Hey all, I'm new here. I own a lovely 100 lb doberman but today we were walking and found a fawn chihuahua, he came right up to us. I tried for hours to find his owner asking around and finally, it got dark so I took him home with me. I made some "found" ads for him on facebook, craigslist, etc. It seems he was found by another person on the 16th and then released? I saw a photo that looks just like him. Anyway, I gave him a bath and stuff. He's skinny but not in bad shape it looks like. Sooo.. my questions are: he won't eat. he's fearful (and i'm worried about dropping him at the shelter for this reason, he might fail temperament). How do I get him to calm down a bit and maybe eat? he and my doberman get along well. I just know NOTHING about this breed. I don't even know how much to feed him, if he did want to eat. I made him a nice little space covered in blankets with about half a cup of food and some water and a toy. He growls sometimes too. 
I've attached a picture. He is very cute.


----------



## Chiluv04 (Dec 19, 2013)

Awwww he's a cutie pie. I wonder if his owners abandoned him? I think you need to decide for yourself that if no one comes forward and claims him if you want to keep him or not? Chihuahuas are very wonderful dogs, despite their bad reputation. You can learn everything you need to know here on cp or by reading up on the breed. And how great that he gets along with your guy. I feed my adult chihuahuas 1/4 cup food twice daily, and I only give them grain free treats. Good luck in whatever decision you make for him. But hopefully he's found a forever home with you . I'm sure others may soon chime in. More pics please 


Sent from Petguide.com Free App


----------



## Jayda (Jun 15, 2012)

You might want to take him to a vet, explain how you found him and ask the vet to scan for a microchip. If he has a microchip , maybe you can find his owner. In terms of fear, that is normal given what you explain. Can you create a small safe place for him like a crate or exercise pen area. He may feel safer in a small area. In terms of food, they are small dogs and don't need much and the size of the kibble needs to be small. Try to coax him to eat with things like cooked chicken mixed in with the food. Thanks for caring about this little lost soul.


----------



## Huly (Mar 5, 2012)

Are there any rescues in your area that could take him if you decide to give him up?

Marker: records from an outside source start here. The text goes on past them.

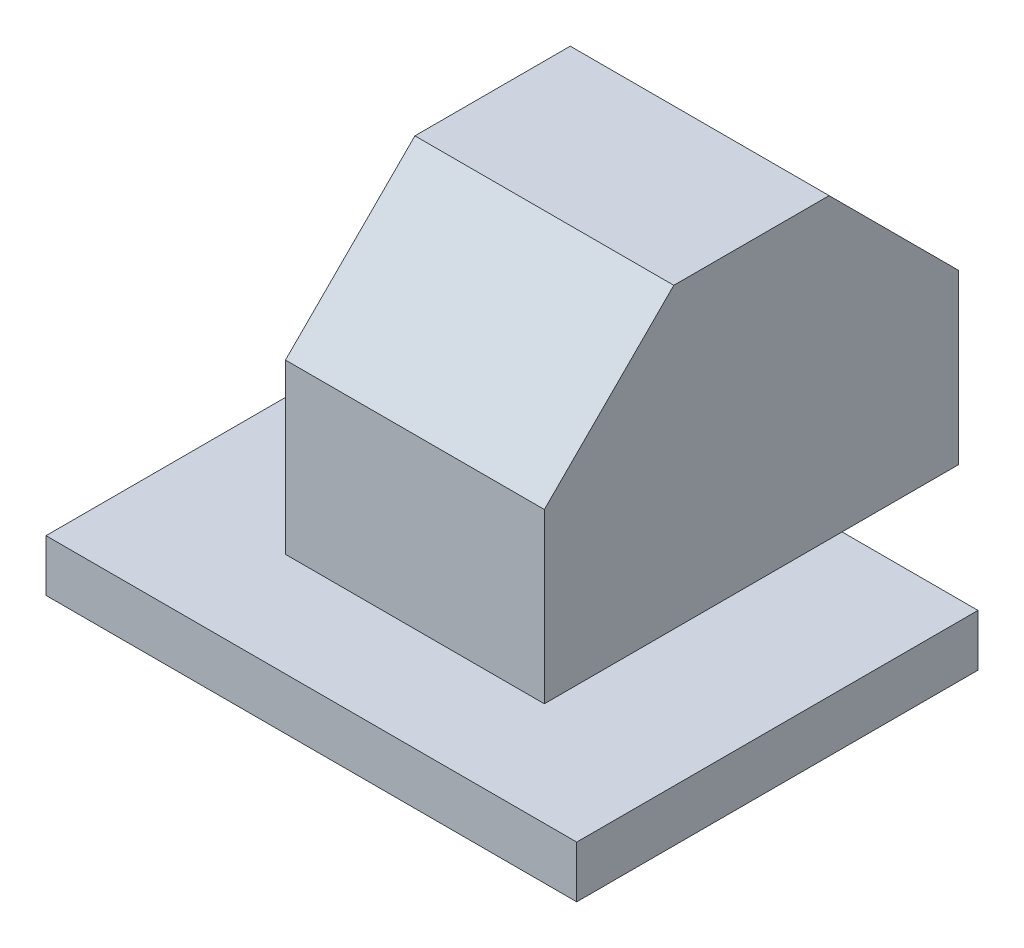
ISO-10303-21;
HEADER;
FILE_DESCRIPTION(('STEP AP214'),'2;1');
FILE_NAME('part.step','',(''),(''),'','','');
FILE_SCHEMA(('AUTOMOTIVE_DESIGN { 1 0 10303 214 1 1 1 1 }'));
ENDSEC;
DATA;
#1=APPLICATION_CONTEXT('core data for automotive mechanical design processes');
#2=APPLICATION_PROTOCOL_DEFINITION('international standard','automotive_design',2000,#1);
#3=PRODUCT_CONTEXT('',#1,'mechanical');
#4=PRODUCT('Part','Part','',(#3));
#5=PRODUCT_RELATED_PRODUCT_CATEGORY('part','',(#4));
#6=PRODUCT_DEFINITION_FORMATION('','',#4);
#7=PRODUCT_DEFINITION_CONTEXT('part definition',#1,'design');
#8=PRODUCT_DEFINITION('design','',#6,#7);
#9=PRODUCT_DEFINITION_SHAPE('','',#8);
#10=(LENGTH_UNIT() NAMED_UNIT(*) SI_UNIT(.MILLI.,.METRE.));
#11=(NAMED_UNIT(*) PLANE_ANGLE_UNIT() SI_UNIT($,.RADIAN.));
#12=(NAMED_UNIT(*) SI_UNIT($,.STERADIAN.) SOLID_ANGLE_UNIT());
#13=UNCERTAINTY_MEASURE_WITH_UNIT(LENGTH_MEASURE(1.E-05),#10,'distance_accuracy_value','');
#14=(GEOMETRIC_REPRESENTATION_CONTEXT(3) GLOBAL_UNCERTAINTY_ASSIGNED_CONTEXT((#13)) GLOBAL_UNIT_ASSIGNED_CONTEXT((#10,
#11,#12)) REPRESENTATION_CONTEXT('',''));
#15=CARTESIAN_POINT('',(0.,0.,0.));
#16=DIRECTION('',(0.,0.,1.));
#17=DIRECTION('',(1.,0.,0.));
#18=AXIS2_PLACEMENT_3D('',#15,#16,#17);
#19=CARTESIAN_POINT('',(0.,2.,0.));
#20=DIRECTION('',(0.,-1.,0.));
#21=DIRECTION('',(0.,0.,-1.));
#22=AXIS2_PLACEMENT_3D('',#19,#20,#21);
#23=PLANE('',#22);
#24=CARTESIAN_POINT('',(-8.64441072293235,2.,-4.98118974526797));
#25=DIRECTION('',(0.,-1.,0.));
#26=DIRECTION('',(0.,0.,-1.));
#27=AXIS2_PLACEMENT_3D('',#24,#25,#26);
#28=CIRCLE('',#27,1.43812907012534);
#29=CARTESIAN_POINT('',(-8.64441072293235,2.,-6.41931881539331));
#30=VERTEX_POINT('',#29);
#31=EDGE_CURVE('E194',#30,#30,#28,.F.);
#32=ORIENTED_EDGE('',*,*,#31,.F.);
#33=EDGE_LOOP('',(#32));
#34=FACE_BOUND('',#33,.T.);
#35=DIRECTION('',(0.,0.,1.));
#36=VECTOR('',#35,1.);
#37=CARTESIAN_POINT('',(-5.,2.,3.75));
#38=LINE('',#37,#36);
#39=CARTESIAN_POINT('',(-5.,2.,-7.75));
#40=VERTEX_POINT('',#39);
#41=CARTESIAN_POINT('',(-5.,2.,3.75));
#42=VERTEX_POINT('',#41);
#43=EDGE_CURVE('E152',#40,#42,#38,.T.);
#44=ORIENTED_EDGE('',*,*,#43,.F.);
#45=DIRECTION('',(-1.,0.,0.));
#46=VECTOR('',#45,1.);
#47=CARTESIAN_POINT('',(10.25,2.,-7.75));
#48=LINE('',#47,#46);
#49=CARTESIAN_POINT('',(-10.25,2.,-7.75));
#50=VERTEX_POINT('',#49);
#51=EDGE_CURVE('E172',#40,#50,#48,.T.);
#52=ORIENTED_EDGE('',*,*,#51,.T.);
#53=DIRECTION('',(0.,0.,1.));
#54=VECTOR('',#53,1.);
#55=CARTESIAN_POINT('',(-10.25,2.,-7.75));
#56=LINE('',#55,#54);
#57=CARTESIAN_POINT('',(-10.25,2.,7.75));
#58=VERTEX_POINT('',#57);
#59=EDGE_CURVE('E164',#50,#58,#56,.T.);
#60=ORIENTED_EDGE('',*,*,#59,.T.);
#61=DIRECTION('',(1.,0.,0.));
#62=VECTOR('',#61,1.);
#63=CARTESIAN_POINT('',(10.25,2.,7.75));
#64=LINE('',#63,#62);
#65=CARTESIAN_POINT('',(10.25,2.,7.75));
#66=VERTEX_POINT('',#65);
#67=EDGE_CURVE('E167',#58,#66,#64,.T.);
#68=ORIENTED_EDGE('',*,*,#67,.T.);
#69=DIRECTION('',(0.,0.,-1.));
#70=VECTOR('',#69,1.);
#71=CARTESIAN_POINT('',(10.25,2.,-7.75));
#72=LINE('',#71,#70);
#73=CARTESIAN_POINT('',(10.25,2.,-7.75));
#74=VERTEX_POINT('',#73);
#75=EDGE_CURVE('E170',#66,#74,#72,.T.);
#76=ORIENTED_EDGE('',*,*,#75,.T.);
#77=CARTESIAN_POINT('',(5.,2.,-7.75));
#78=VERTEX_POINT('',#77);
#79=EDGE_CURVE('E140',#74,#78,#48,.T.);
#80=ORIENTED_EDGE('',*,*,#79,.T.);
#81=DIRECTION('',(0.,0.,-1.));
#82=VECTOR('',#81,1.);
#83=CARTESIAN_POINT('',(5.,2.,3.75));
#84=LINE('',#83,#82);
#85=CARTESIAN_POINT('',(5.,2.,3.75));
#86=VERTEX_POINT('',#85);
#87=EDGE_CURVE('E127',#86,#78,#84,.T.);
#88=ORIENTED_EDGE('',*,*,#87,.F.);
#89=DIRECTION('',(1.,0.,0.));
#90=VECTOR('',#89,1.);
#91=CARTESIAN_POINT('',(5.,2.,3.75));
#92=LINE('',#91,#90);
#93=EDGE_CURVE('E137',#42,#86,#92,.T.);
#94=ORIENTED_EDGE('',*,*,#93,.F.);
#95=EDGE_LOOP('',(#44,#52,#60,#68,#76,#80,#88,#94));
#96=FACE_BOUND('',#95,.T.);
#97=ADVANCED_FACE('F41',(#34,#96),#23,.F.);
#98=CARTESIAN_POINT('',(-10.25,2.,-7.75));
#99=DIRECTION('',(1.,0.,0.));
#100=DIRECTION('',(0.,0.,-1.));
#101=AXIS2_PLACEMENT_3D('',#98,#99,#100);
#102=PLANE('',#101);
#103=DIRECTION('',(0.,0.,1.));
#104=VECTOR('',#103,1.);
#105=CARTESIAN_POINT('',(-10.25,0.,-7.75));
#106=LINE('',#105,#104);
#107=CARTESIAN_POINT('',(-10.25,0.,-7.75));
#108=VERTEX_POINT('',#107);
#109=CARTESIAN_POINT('',(-10.25,0.,7.75));
#110=VERTEX_POINT('',#109);
#111=EDGE_CURVE('E163',#108,#110,#106,.T.);
#112=ORIENTED_EDGE('',*,*,#111,.T.);
#113=DIRECTION('',(0.,-1.,0.));
#114=VECTOR('',#113,1.);
#115=CARTESIAN_POINT('',(-10.25,2.,7.75));
#116=LINE('',#115,#114);
#117=EDGE_CURVE('E191',#58,#110,#116,.T.);
#118=ORIENTED_EDGE('',*,*,#117,.F.);
#119=ORIENTED_EDGE('',*,*,#59,.F.);
#120=DIRECTION('',(0.,-1.,0.));
#121=VECTOR('',#120,1.);
#122=CARTESIAN_POINT('',(-10.25,2.,-7.75));
#123=LINE('',#122,#121);
#124=EDGE_CURVE('E174',#50,#108,#123,.T.);
#125=ORIENTED_EDGE('',*,*,#124,.T.);
#126=EDGE_LOOP('',(#112,#118,#119,#125));
#127=FACE_BOUND('',#126,.T.);
#128=ADVANCED_FACE('F236',(#127),#102,.F.);
#129=CARTESIAN_POINT('',(10.25,2.,7.75));
#130=DIRECTION('',(0.,0.,-1.));
#131=DIRECTION('',(-1.,0.,0.));
#132=AXIS2_PLACEMENT_3D('',#129,#130,#131);
#133=PLANE('',#132);
#134=DIRECTION('',(1.,0.,0.));
#135=VECTOR('',#134,1.);
#136=CARTESIAN_POINT('',(10.25,0.,7.75));
#137=LINE('',#136,#135);
#138=CARTESIAN_POINT('',(10.25,0.,7.75));
#139=VERTEX_POINT('',#138);
#140=EDGE_CURVE('E178',#110,#139,#137,.T.);
#141=ORIENTED_EDGE('',*,*,#140,.T.);
#142=DIRECTION('',(0.,-1.,0.));
#143=VECTOR('',#142,1.);
#144=CARTESIAN_POINT('',(10.25,2.,7.75));
#145=LINE('',#144,#143);
#146=EDGE_CURVE('E188',#66,#139,#145,.T.);
#147=ORIENTED_EDGE('',*,*,#146,.F.);
#148=ORIENTED_EDGE('',*,*,#67,.F.);
#149=ORIENTED_EDGE('',*,*,#117,.T.);
#150=EDGE_LOOP('',(#141,#147,#148,#149));
#151=FACE_BOUND('',#150,.T.);
#152=ADVANCED_FACE('F241',(#151),#133,.F.);
#153=CARTESIAN_POINT('',(10.25,2.,-7.75));
#154=DIRECTION('',(-1.,0.,0.));
#155=DIRECTION('',(0.,0.,1.));
#156=AXIS2_PLACEMENT_3D('',#153,#154,#155);
#157=PLANE('',#156);
#158=DIRECTION('',(0.,0.,-1.));
#159=VECTOR('',#158,1.);
#160=CARTESIAN_POINT('',(10.25,0.,-7.75));
#161=LINE('',#160,#159);
#162=CARTESIAN_POINT('',(10.25,0.,-7.75));
#163=VERTEX_POINT('',#162);
#164=EDGE_CURVE('E180',#139,#163,#161,.T.);
#165=ORIENTED_EDGE('',*,*,#164,.T.);
#166=DIRECTION('',(0.,-1.,0.));
#167=VECTOR('',#166,1.);
#168=CARTESIAN_POINT('',(10.25,2.,-7.75));
#169=LINE('',#168,#167);
#170=EDGE_CURVE('E185',#74,#163,#169,.T.);
#171=ORIENTED_EDGE('',*,*,#170,.F.);
#172=ORIENTED_EDGE('',*,*,#75,.F.);
#173=ORIENTED_EDGE('',*,*,#146,.T.);
#174=EDGE_LOOP('',(#165,#171,#172,#173));
#175=FACE_BOUND('',#174,.T.);
#176=ADVANCED_FACE('F244',(#175),#157,.F.);
#177=CARTESIAN_POINT('',(10.25,2.,-7.75));
#178=DIRECTION('',(0.,0.,1.));
#179=DIRECTION('',(1.,0.,0.));
#180=AXIS2_PLACEMENT_3D('',#177,#178,#179);
#181=PLANE('',#180);
#182=DIRECTION('',(-1.,0.,0.));
#183=VECTOR('',#182,1.);
#184=CARTESIAN_POINT('',(10.25,0.,-7.75));
#185=LINE('',#184,#183);
#186=EDGE_CURVE('E168',#163,#108,#185,.T.);
#187=ORIENTED_EDGE('',*,*,#186,.T.);
#188=ORIENTED_EDGE('',*,*,#124,.F.);
#189=ORIENTED_EDGE('',*,*,#51,.F.);
#190=EDGE_CURVE('E175',#78,#40,#48,.T.);
#191=ORIENTED_EDGE('',*,*,#190,.F.);
#192=ORIENTED_EDGE('',*,*,#79,.F.);
#193=ORIENTED_EDGE('',*,*,#170,.T.);
#194=EDGE_LOOP('',(#187,#188,#189,#191,#192,#193));
#195=FACE_BOUND('',#194,.T.);
#196=ADVANCED_FACE('F230',(#195),#181,.F.);
#197=CARTESIAN_POINT('',(0.,0.,0.));
#198=DIRECTION('',(0.,-1.,0.));
#199=DIRECTION('',(0.,0.,-1.));
#200=AXIS2_PLACEMENT_3D('',#197,#198,#199);
#201=PLANE('',#200);
#202=ORIENTED_EDGE('',*,*,#111,.F.);
#203=ORIENTED_EDGE('',*,*,#186,.F.);
#204=ORIENTED_EDGE('',*,*,#164,.F.);
#205=ORIENTED_EDGE('',*,*,#140,.F.);
#206=EDGE_LOOP('',(#202,#203,#204,#205));
#207=FACE_BOUND('',#206,.T.);
#208=ADVANCED_FACE('F246',(#207),#201,.T.);
#209=CARTESIAN_POINT('',(0.,2.,0.));
#210=DIRECTION('',(0.,1.,0.));
#211=DIRECTION('',(0.,0.,1.));
#212=AXIS2_PLACEMENT_3D('',#209,#210,#211);
#213=PLANE('',#212);
#214=CARTESIAN_POINT('',(5.,2.,-12.25));
#215=VERTEX_POINT('',#214);
#216=EDGE_CURVE('E143',#78,#215,#84,.T.);
#217=ORIENTED_EDGE('',*,*,#216,.F.);
#218=ORIENTED_EDGE('',*,*,#190,.T.);
#219=CARTESIAN_POINT('',(-5.,2.,-12.25));
#220=VERTEX_POINT('',#219);
#221=EDGE_CURVE('E147',#220,#40,#38,.T.);
#222=ORIENTED_EDGE('',*,*,#221,.F.);
#223=DIRECTION('',(-1.,0.,0.));
#224=VECTOR('',#223,1.);
#225=CARTESIAN_POINT('',(5.,2.,-12.25));
#226=LINE('',#225,#224);
#227=EDGE_CURVE('E142',#215,#220,#226,.T.);
#228=ORIENTED_EDGE('',*,*,#227,.F.);
#229=EDGE_LOOP('',(#217,#218,#222,#228));
#230=FACE_BOUND('',#229,.T.);
#231=ADVANCED_FACE('F225',(#230),#213,.F.);
#232=CARTESIAN_POINT('',(-5.,13.5,3.75));
#233=DIRECTION('',(1.,0.,0.));
#234=DIRECTION('',(0.,0.,-1.));
#235=AXIS2_PLACEMENT_3D('',#232,#233,#234);
#236=PLANE('',#235);
#237=DIRECTION('',(0.,0.,1.));
#238=VECTOR('',#237,1.);
#239=CARTESIAN_POINT('',(-5.,13.5,3.75));
#240=LINE('',#239,#238);
#241=CARTESIAN_POINT('',(-5.,13.5,-7.25000000000001));
#242=VERTEX_POINT('',#241);
#243=CARTESIAN_POINT('',(-5.,13.5,-1.25));
#244=VERTEX_POINT('',#243);
#245=EDGE_CURVE('E157',#242,#244,#240,.T.);
#246=ORIENTED_EDGE('',*,*,#245,.F.);
#247=DIRECTION('',(0.,-0.707106781186549,-0.707106781186546));
#248=VECTOR('',#247,1.);
#249=CARTESIAN_POINT('',(-5.,13.5,-7.25000000000001));
#250=LINE('',#249,#248);
#251=CARTESIAN_POINT('',(-5.,8.49999999999999,-12.25));
#252=VERTEX_POINT('',#251);
#253=EDGE_CURVE('E205',#242,#252,#250,.T.);
#254=ORIENTED_EDGE('',*,*,#253,.T.);
#255=DIRECTION('',(0.,-1.,0.));
#256=VECTOR('',#255,1.);
#257=CARTESIAN_POINT('',(-5.,13.5,-12.25));
#258=LINE('',#257,#256);
#259=EDGE_CURVE('E158',#252,#220,#258,.T.);
#260=ORIENTED_EDGE('',*,*,#259,.T.);
#261=ORIENTED_EDGE('',*,*,#221,.T.);
#262=ORIENTED_EDGE('',*,*,#43,.T.);
#263=DIRECTION('',(0.,-1.,0.));
#264=VECTOR('',#263,1.);
#265=CARTESIAN_POINT('',(-5.,13.5,3.75));
#266=LINE('',#265,#264);
#267=CARTESIAN_POINT('',(-5.,8.49999999999999,3.75));
#268=VERTEX_POINT('',#267);
#269=EDGE_CURVE('E131',#268,#42,#266,.T.);
#270=ORIENTED_EDGE('',*,*,#269,.F.);
#271=DIRECTION('',(0.,0.707106781186549,-0.707106781186546));
#272=VECTOR('',#271,1.);
#273=CARTESIAN_POINT('',(-5.,13.5,-1.25));
#274=LINE('',#273,#272);
#275=EDGE_CURVE('E203',#268,#244,#274,.T.);
#276=ORIENTED_EDGE('',*,*,#275,.T.);
#277=EDGE_LOOP('',(#246,#254,#260,#261,#262,#270,#276));
#278=FACE_BOUND('',#277,.T.);
#279=ADVANCED_FACE('F219',(#278),#236,.F.);
#280=CARTESIAN_POINT('',(5.,13.5,3.75));
#281=DIRECTION('',(0.,0.,-1.));
#282=DIRECTION('',(-1.,0.,0.));
#283=AXIS2_PLACEMENT_3D('',#280,#281,#282);
#284=PLANE('',#283);
#285=DIRECTION('',(0.,-1.,0.));
#286=VECTOR('',#285,1.);
#287=CARTESIAN_POINT('',(5.,13.5,3.75));
#288=LINE('',#287,#286);
#289=CARTESIAN_POINT('',(5.,8.49999999999999,3.75));
#290=VERTEX_POINT('',#289);
#291=EDGE_CURVE('E123',#290,#86,#288,.T.);
#292=ORIENTED_EDGE('',*,*,#291,.F.);
#293=DIRECTION('',(-1.,0.,0.));
#294=VECTOR('',#293,1.);
#295=CARTESIAN_POINT('',(-5.,8.49999999999999,3.75));
#296=LINE('',#295,#294);
#297=EDGE_CURVE('E11',#290,#268,#296,.T.);
#298=ORIENTED_EDGE('',*,*,#297,.T.);
#299=ORIENTED_EDGE('',*,*,#269,.T.);
#300=ORIENTED_EDGE('',*,*,#93,.T.);
#301=EDGE_LOOP('',(#292,#298,#299,#300));
#302=FACE_BOUND('',#301,.T.);
#303=ADVANCED_FACE('F145',(#302),#284,.F.);
#304=CARTESIAN_POINT('',(5.,13.5,3.75));
#305=DIRECTION('',(-1.,0.,0.));
#306=DIRECTION('',(0.,0.,1.));
#307=AXIS2_PLACEMENT_3D('',#304,#305,#306);
#308=PLANE('',#307);
#309=DIRECTION('',(0.,-1.,0.));
#310=VECTOR('',#309,1.);
#311=CARTESIAN_POINT('',(5.,13.5,-12.25));
#312=LINE('',#311,#310);
#313=CARTESIAN_POINT('',(5.,8.49999999999999,-12.25));
#314=VERTEX_POINT('',#313);
#315=EDGE_CURVE('E132',#314,#215,#312,.T.);
#316=ORIENTED_EDGE('',*,*,#315,.F.);
#317=DIRECTION('',(0.,0.707106781186549,0.707106781186546));
#318=VECTOR('',#317,1.);
#319=CARTESIAN_POINT('',(5.,13.5,-7.25000000000001));
#320=LINE('',#319,#318);
#321=CARTESIAN_POINT('',(5.,13.5,-7.25000000000001));
#322=VERTEX_POINT('',#321);
#323=EDGE_CURVE('E50',#314,#322,#320,.T.);
#324=ORIENTED_EDGE('',*,*,#323,.T.);
#325=DIRECTION('',(0.,0.,-1.));
#326=VECTOR('',#325,1.);
#327=CARTESIAN_POINT('',(5.,13.5,3.75));
#328=LINE('',#327,#326);
#329=CARTESIAN_POINT('',(5.,13.5,-1.25));
#330=VERTEX_POINT('',#329);
#331=EDGE_CURVE('E160',#330,#322,#328,.T.);
#332=ORIENTED_EDGE('',*,*,#331,.F.);
#333=DIRECTION('',(0.,-0.707106781186549,0.707106781186546));
#334=VECTOR('',#333,1.);
#335=CARTESIAN_POINT('',(5.,13.5,-1.25));
#336=LINE('',#335,#334);
#337=EDGE_CURVE('E57',#330,#290,#336,.T.);
#338=ORIENTED_EDGE('',*,*,#337,.T.);
#339=ORIENTED_EDGE('',*,*,#291,.T.);
#340=ORIENTED_EDGE('',*,*,#87,.T.);
#341=ORIENTED_EDGE('',*,*,#216,.T.);
#342=EDGE_LOOP('',(#316,#324,#332,#338,#339,#340,#341));
#343=FACE_BOUND('',#342,.T.);
#344=ADVANCED_FACE('F125',(#343),#308,.F.);
#345=CARTESIAN_POINT('',(5.,13.5,-12.25));
#346=DIRECTION('',(0.,0.,1.));
#347=DIRECTION('',(1.,0.,0.));
#348=AXIS2_PLACEMENT_3D('',#345,#346,#347);
#349=PLANE('',#348);
#350=ORIENTED_EDGE('',*,*,#259,.F.);
#351=DIRECTION('',(1.,0.,0.));
#352=VECTOR('',#351,1.);
#353=CARTESIAN_POINT('',(5.,8.49999999999999,-12.25));
#354=LINE('',#353,#352);
#355=EDGE_CURVE('E65',#252,#314,#354,.T.);
#356=ORIENTED_EDGE('',*,*,#355,.T.);
#357=ORIENTED_EDGE('',*,*,#315,.T.);
#358=ORIENTED_EDGE('',*,*,#227,.T.);
#359=EDGE_LOOP('',(#350,#356,#357,#358));
#360=FACE_BOUND('',#359,.T.);
#361=ADVANCED_FACE('F220',(#360),#349,.F.);
#362=CARTESIAN_POINT('',(0.,13.5,0.));
#363=DIRECTION('',(0.,1.,0.));
#364=DIRECTION('',(0.,0.,1.));
#365=AXIS2_PLACEMENT_3D('',#362,#363,#364);
#366=PLANE('',#365);
#367=ORIENTED_EDGE('',*,*,#331,.T.);
#368=DIRECTION('',(-1.,0.,0.));
#369=VECTOR('',#368,1.);
#370=CARTESIAN_POINT('',(-5.,13.5,-7.25000000000001));
#371=LINE('',#370,#369);
#372=EDGE_CURVE('E200',#322,#242,#371,.T.);
#373=ORIENTED_EDGE('',*,*,#372,.T.);
#374=ORIENTED_EDGE('',*,*,#245,.T.);
#375=DIRECTION('',(1.,0.,0.));
#376=VECTOR('',#375,1.);
#377=CARTESIAN_POINT('',(5.,13.5,-1.25));
#378=LINE('',#377,#376);
#379=EDGE_CURVE('E197',#244,#330,#378,.T.);
#380=ORIENTED_EDGE('',*,*,#379,.T.);
#381=EDGE_LOOP('',(#367,#373,#374,#380));
#382=FACE_BOUND('',#381,.T.);
#383=ADVANCED_FACE('F213',(#382),#366,.T.);
#384=CARTESIAN_POINT('',(-8.64441072293235,3.5,-4.98118974526797));
#385=DIRECTION('',(0.,-1.,0.));
#386=DIRECTION('',(0.,0.,-1.));
#387=AXIS2_PLACEMENT_3D('',#384,#385,#386);
#388=CYLINDRICAL_SURFACE('',#387,1.43812907012534);
#389=CARTESIAN_POINT('',(-8.64441072293235,3.5,-4.98118974526797));
#390=DIRECTION('',(0.,1.,0.));
#391=DIRECTION('',(0.,0.,1.));
#392=AXIS2_PLACEMENT_3D('',#389,#390,#391);
#393=CIRCLE('',#392,1.43812907012534);
#394=CARTESIAN_POINT('',(-8.64441072293235,3.5,-3.54306067514262));
#395=VERTEX_POINT('',#394);
#396=EDGE_CURVE('E150',#395,#395,#393,.T.);
#397=ORIENTED_EDGE('',*,*,#396,.F.);
#398=EDGE_LOOP('',(#397));
#399=FACE_BOUND('',#398,.T.);
#400=ORIENTED_EDGE('',*,*,#31,.T.);
#401=EDGE_LOOP('',(#400));
#402=FACE_BOUND('',#401,.T.);
#403=ADVANCED_FACE('F274',(#399,#402),#388,.T.);
#404=CARTESIAN_POINT('',(-8.64441072293235,3.5,-4.98118974526797));
#405=DIRECTION('',(0.,1.,0.));
#406=DIRECTION('',(0.,0.,1.));
#407=AXIS2_PLACEMENT_3D('',#404,#405,#406);
#408=PLANE('',#407);
#409=ORIENTED_EDGE('',*,*,#396,.T.);
#410=EDGE_LOOP('',(#409));
#411=FACE_BOUND('',#410,.T.);
#412=ADVANCED_FACE('F277',(#411),#408,.T.);
#413=CARTESIAN_POINT('',(0.,13.5,-7.25000000000001));
#414=DIRECTION('',(0.,0.707106781186546,-0.707106781186549));
#415=DIRECTION('',(1.,0.,0.));
#416=AXIS2_PLACEMENT_3D('',#413,#414,#415);
#417=PLANE('',#416);
#418=ORIENTED_EDGE('',*,*,#323,.F.);
#419=ORIENTED_EDGE('',*,*,#355,.F.);
#420=ORIENTED_EDGE('',*,*,#253,.F.);
#421=ORIENTED_EDGE('',*,*,#372,.F.);
#422=EDGE_LOOP('',(#418,#419,#420,#421));
#423=FACE_BOUND('',#422,.T.);
#424=ADVANCED_FACE('F217',(#423),#417,.T.);
#425=CARTESIAN_POINT('',(0.,13.5,-1.25));
#426=DIRECTION('',(0.,0.707106781186546,0.707106781186549));
#427=DIRECTION('',(-1.,0.,0.));
#428=AXIS2_PLACEMENT_3D('',#425,#426,#427);
#429=PLANE('',#428);
#430=ORIENTED_EDGE('',*,*,#275,.F.);
#431=ORIENTED_EDGE('',*,*,#297,.F.);
#432=ORIENTED_EDGE('',*,*,#337,.F.);
#433=ORIENTED_EDGE('',*,*,#379,.F.);
#434=EDGE_LOOP('',(#430,#431,#432,#433));
#435=FACE_BOUND('',#434,.T.);
#436=ADVANCED_FACE('F44',(#435),#429,.T.);
#437=CLOSED_SHELL('',(#97,#128,#152,#176,#196,#208,#231,#279,#303,#344,#361,#383,#403,#412,#424,#436));
#438=MANIFOLD_SOLID_BREP('B2',#437);
#439=ADVANCED_BREP_SHAPE_REPRESENTATION('',(#18,#438),#14);
#440=SHAPE_DEFINITION_REPRESENTATION(#9,#439);
ENDSEC;
END-ISO-10303-21;

He is probably scared if he keeps getting let go or dumped back in the wild. He will take awhile to calm down.


----------



## FlaHuahua (Jan 10, 2014)

He probably only needs 1/4 cup per meal twice a day. If you have chicken boul it will carrots and add some rice to it. My dog loves sweet potatoes (microwave for 6 minutes and peel) too, hot or cold and if you add a teaspoon or less of milk he should go crazy for it. If you decide you can't keep him and you know he's not microchipped then take him to a nice dog park and ask any dog owners if they would like him.


----------



## ams151 (Feb 23, 2014)

Hey everyone! sorry about the long reply, it's been a crazy few days. I have not found this little dog's family yet. I have been calling him "Chalupa" because I think he looks like the Taco Bell chihuahua. I took him to the vet and although he's skinny, he is clean and otherwise healthy. The vet estimates him to the 2 years old-ish. I went to my local pet store and they gave me a bunch of blue buffalo small breed food samples that I have been wetting down with about a tablespoon of chicken broth (I read that was okay somewhere, please correct me if it isn't) and he will nibble on that a little bit. I will try giving him chicken tonight though!! I've been giving him about a small handful per meal, so probably between 1/4 and 1/2 cup. I'll stick to a 1/4 cup now. 
He does not have a microchip, I took him by the sheriff so they could scan him. I made him a little space in my extra bathroom so he has it all to himself. It's all lined with clean sheets and his food and water and some wee wee pads are in there. He's housebroken it seems so I think someone must have cared for him enough to train him... he seems to have calmed down a little, and he doesn't growl anymore. He has been very clingy to me and has insisted on sleeping on my bed with me and my dog while I'm doing homework or whatever. He's really taken to my dobe and vice versa. They are like obsessed with each other. I think, after talking it through with my landlords, that I'm going to try and keep him. I live in a small town in a rural area and our local rescue is really for dogs that are on "death row" at the county shelter. I know the guy who runs it and he already has his hands so full that I don't want to burden him further.
I need to get the chihuahua fixed, I guess I'm just waiting to see if anyone does come forward. It would be awkward if they did and found I had neutered their dog... ha. Thanks for all your replies! I look forward to learning more on here


----------



## ams151 (Feb 23, 2014)

Another picture, he is really cute haha


----------



## Huly (Mar 5, 2012)

Awe they are so cute together!

I had a feeling you might keep him if you couldn't find his owners


----------



## pigeonsheep (Nov 8, 2008)

welcome home chalupa!


----------



## Chiluv04 (Dec 19, 2013)

Ohhhh how wonderful. He looks very happy, and it's nice to see he gets along with your other dog. It seems like he was abandoned. I really admire you for taking him in and putting in so much effort to make him comfy and to find his owners. At this point, it seems he's better off with you anyway . 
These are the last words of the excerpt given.